Dim ArrayLength As Integer = 50
Dim doesContain As Boolean = False
Dim counter As Integer = 0
Dim sw As New System.Diagnostics.Stopwatch()
Dim BigArray1 As String() = New String(ArrayLength) {}
Dim BigArray2 As String() = New String(ArrayLength) {}
Dim rand As New Random(DateTime.Now.Millisecond)
For i As Integer = 0 To ArrayLength
    BigArray1(i) = Convert.ToChar(rand.Next(0, 255)).ToString()
    BigArray2(i) = Convert.ToChar(rand.Next(0, 255)).ToString()
Next
Dim AnEnumerable1 As IEnumerable(Of String) = BigArray1
Dim AnEnumerable2 As IEnumerable(Of String) = BigArray2

counter = 0
sw.Restart()
Do
    doesContain = False
    For Each x As String In AnEnumerable1
        For Each y As String In AnEnumerable2
            If x.Equals(y) Then
                doesContain = True
                Exit For
            End If
        Next
        If doesContain Then Exit For
    Next
    counter += 1
Loop While sw.ElapsedMilliseconds < 1000
Console.WriteLine("InnerLoop iterated:  " & counter.ToString() & " times in " & sw.ElapsedMilliseconds.ToString() & "ms.")

counter = 0
sw.Restart()
Do
    doesContain = AnEnumerable1.Intersect(AnEnumerable2).Any()
    counter += 1
Loop While sw.ElapsedMilliseconds < 1000
Console.WriteLine("Intersect iterated:  " & counter.ToString() & " times in " & sw.ElapsedMilliseconds.ToString() & "ms.")

counter = 0
sw.Restart()
Do
    For Each x As String In AnEnumerable1
        If Array.IndexOf(Of String)(BigArray2, x) <> -1 Then
            Exit For
        End If
    Next
    counter += 1
Loop While sw.ElapsedMilliseconds < 1000
Console.WriteLine("IndexOf iterated:    " & counter.ToString() & " times in " & sw.ElapsedMilliseconds.ToString() & "ms.")

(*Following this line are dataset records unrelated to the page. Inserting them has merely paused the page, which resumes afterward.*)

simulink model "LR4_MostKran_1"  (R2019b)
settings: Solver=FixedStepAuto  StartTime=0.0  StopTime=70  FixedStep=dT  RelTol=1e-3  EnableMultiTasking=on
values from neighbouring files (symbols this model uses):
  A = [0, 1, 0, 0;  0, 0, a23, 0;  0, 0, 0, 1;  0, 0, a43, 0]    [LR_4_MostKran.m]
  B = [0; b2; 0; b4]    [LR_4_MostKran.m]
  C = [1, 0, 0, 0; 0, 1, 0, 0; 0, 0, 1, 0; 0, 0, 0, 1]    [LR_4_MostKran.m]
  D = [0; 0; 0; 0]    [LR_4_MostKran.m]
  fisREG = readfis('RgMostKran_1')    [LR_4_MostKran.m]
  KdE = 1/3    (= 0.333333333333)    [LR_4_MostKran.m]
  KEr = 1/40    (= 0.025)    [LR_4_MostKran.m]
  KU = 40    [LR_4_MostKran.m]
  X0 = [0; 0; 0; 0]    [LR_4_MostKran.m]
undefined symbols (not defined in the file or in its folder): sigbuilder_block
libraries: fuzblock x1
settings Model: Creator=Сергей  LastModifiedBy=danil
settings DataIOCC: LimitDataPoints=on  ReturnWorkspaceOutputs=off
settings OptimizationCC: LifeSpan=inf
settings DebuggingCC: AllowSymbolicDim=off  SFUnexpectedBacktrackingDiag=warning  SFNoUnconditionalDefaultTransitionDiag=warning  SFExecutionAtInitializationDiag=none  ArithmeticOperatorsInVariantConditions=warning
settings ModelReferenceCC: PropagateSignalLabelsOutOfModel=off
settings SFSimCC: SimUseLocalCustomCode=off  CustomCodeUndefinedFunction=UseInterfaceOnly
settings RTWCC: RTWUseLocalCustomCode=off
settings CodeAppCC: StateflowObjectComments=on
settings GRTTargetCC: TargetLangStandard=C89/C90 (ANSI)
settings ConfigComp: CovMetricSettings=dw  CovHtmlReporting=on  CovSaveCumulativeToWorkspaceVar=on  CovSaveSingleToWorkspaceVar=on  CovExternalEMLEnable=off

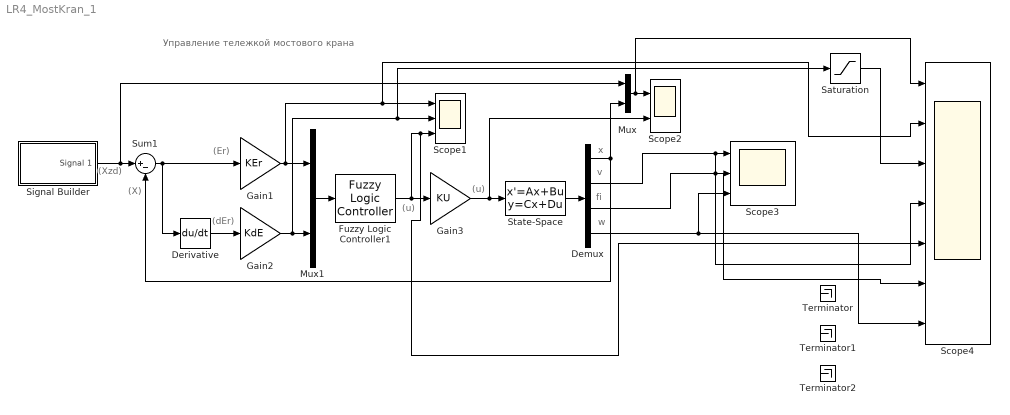
== system LR4_MostKran_1 ==
  note: w
  note: fi
  note: v
  note: x
  note: (Xzd)
  note: Управление тележкой мостового крана
  note: (Er)
  note: (dEr)
  note: (u)
  note: (u)
  note: (X)
  Demux : Demux
  Derivative : Derivative
  Fuzzy Logic Controller1 : fuzblock/Fuzzy Logic  Controller  FIS=[fisREG]  OutputSampleNumber=101  DataType=double  FuzzifiedInputs=off  RuleFiringStrengths=off  RuleOutputs=off  AggregatedOutputs=off  SimulateUsing=Interpreted execution  OutOfRangeInputValueMessage=warning  NoRuleFiredMessage=warning  EmptyOutputFuzzySetMessage=warning
  Gain1 : Gain  Gain=KEr
  Gain2 : Gain  Gain=KdE
  Gain3 : Gain  Gain=KU
  Mux : Mux  Inputs=2
  Mux1 : Mux  Inputs=2
  Saturation : Saturate  UpperLimit=1  LowerLimit=-1
  Scope1 : Scope  NumInputPorts=3
  Scope2 : Scope  NumInputPorts=2
  Scope3 : Scope  NumInputPorts=3
  Scope4 : Scope  NumInputPorts=7
  Signal Builder : Subsystem  Tag=STV Subsys  LoadFcn=sigbuilder_block('load');  StartFcn=sigbuilder_block('start');  StopFcn=sigbuilder_block('stop');  ClipboardFcn=sigbuilder_block('clipboard');  mask(Sigbuilder block){tuvar=[0:10]}
      mask help: Simulink:masks:SigbuilderBlock_MD
      mask init:
      | if ~strcmp(get_param(bdroot(gcbh),'SimulationStatus'),'stopped') tuvar = sigbuilder_block('maskInit'); end
      settings: CopyFcn=sigbuilder_block('copy');  DeleteFcn=sigbuilder_block('delete');  ModelCloseFcn=sigbuilder_block('modelClose');  PreSaveFcn=sigbuilder_block('preSave');  PauseFcn=sigbuilder_block('pause');  ContinueFcn=sigbuilder_block('continue');  NameChangeFcn=sigbuilder_block('namechange');  OpenFcn=sigbuilder_block('open',[63.75 114.75 550.5 399.75 ]);  CloseFcn=sigbuilder_block('close');
      mask Display: plot(0, 0, 100, 100,[2, 2, 32, 32, 2], [68, 8, 8, 68, 68],[32, 2], [38, 38], [32, 19, 2],[53, 60, 44], [32, 17, 17, 2],[16, 16, 31, 31]);txt = getActiveGroup(gcbh);text(2, 100, txt,'verticalAlignment', 'top');
  State-Space : StateSpace  A=A  B=B  C=C  D=D  InitialCondition=X0
  Sum1 : Sum  Inputs=|+-
  Terminator : Terminator
  Terminator1 : Terminator
  Terminator2 : Terminator
  wires:
  Signal Builder/1(Signal 1) -> Mux/1, Sum1/1
  State-Space/1 -> Demux/1
  Demux/1 -> Sum1/2, Mux/2
  Demux/2 -> Scope4/5, Scope3/1
  Demux/3 -> Scope4/6, Scope3/2
  Demux/4 -> Scope4/7, Scope3/3
  Mux1/1 -> Fuzzy Logic Controller1/1
  Sum1/1 -> Derivative/1, Gain1/1
  Gain1/1 -> Scope4/2, Scope1/1, Mux1/1
  Gain2/1 -> Saturation/1, Scope1/2, Mux1/2
  Mux/1 -> Scope4/1, Scope2/1
  Fuzzy Logic Controller1/1 -> Gain3/1, Scope4/4, Scope1/3
  Gain3/1 -> Scope2/2, State-Space/1
  Derivative/1 -> Gain2/1
  Saturation/1 -> Scope4/3

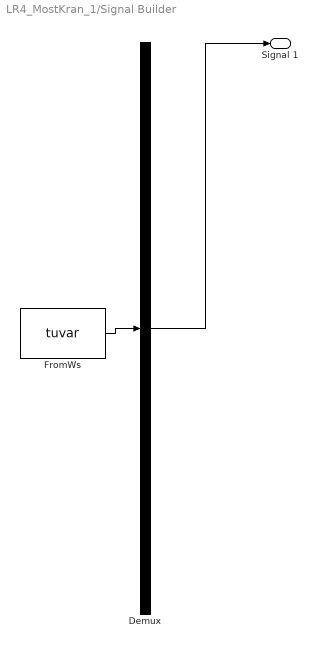
== system LR4_MostKran_1/Signal Builder ==
  Demux : Demux  Tag=STV Demux  Outputs=1
  FromWs : FromWorkspace  Tag=STV FromWs  VariableName=tuvar  SampleTime=0
      SigBuilderData=|
      | common.afterFinalStr = 'Extrapolate'
      | common.sampleTime = 0
      | dataSet.timeRange = [0 300]
      | dataSet.name = 'Group 1'
      | sbobj.Groups.Name = 'Group 1'
      | sbobj.Groups.Signals.Name = 'Signal 1'
      | sbobj.Groups.Signals.XData = [0 10 10 100 100 200 200 300]
      | sbobj.Groups.Signals.YData = [0 0 40 40 20 20 -0.2 -0.2]
      | sbobj.Groups.TimeRange = [0 300]
  Signal 1 : Outport  Tag=STV Outport
  wires:
  Demux/1 -> Signal 1/1
  FromWs/1 -> Demux/1

My results over two 5,000,000 item arrays. Higher iterations are better:

  • InnerLoop iterated: 2974553 times in 1000ms.
  • Intersect iterated: 4 times in 1168ms.
  • IndexOf iterated: 4194423 times in 1000ms.

My results over two 50 item arrays. Higher iterations are better:

  • InnerLoop iterated: 375712 times in 1000ms.
  • Intersect iterated: 203721 times in 1000ms.
  • IndexOf iterated: 668421 times in 1000ms.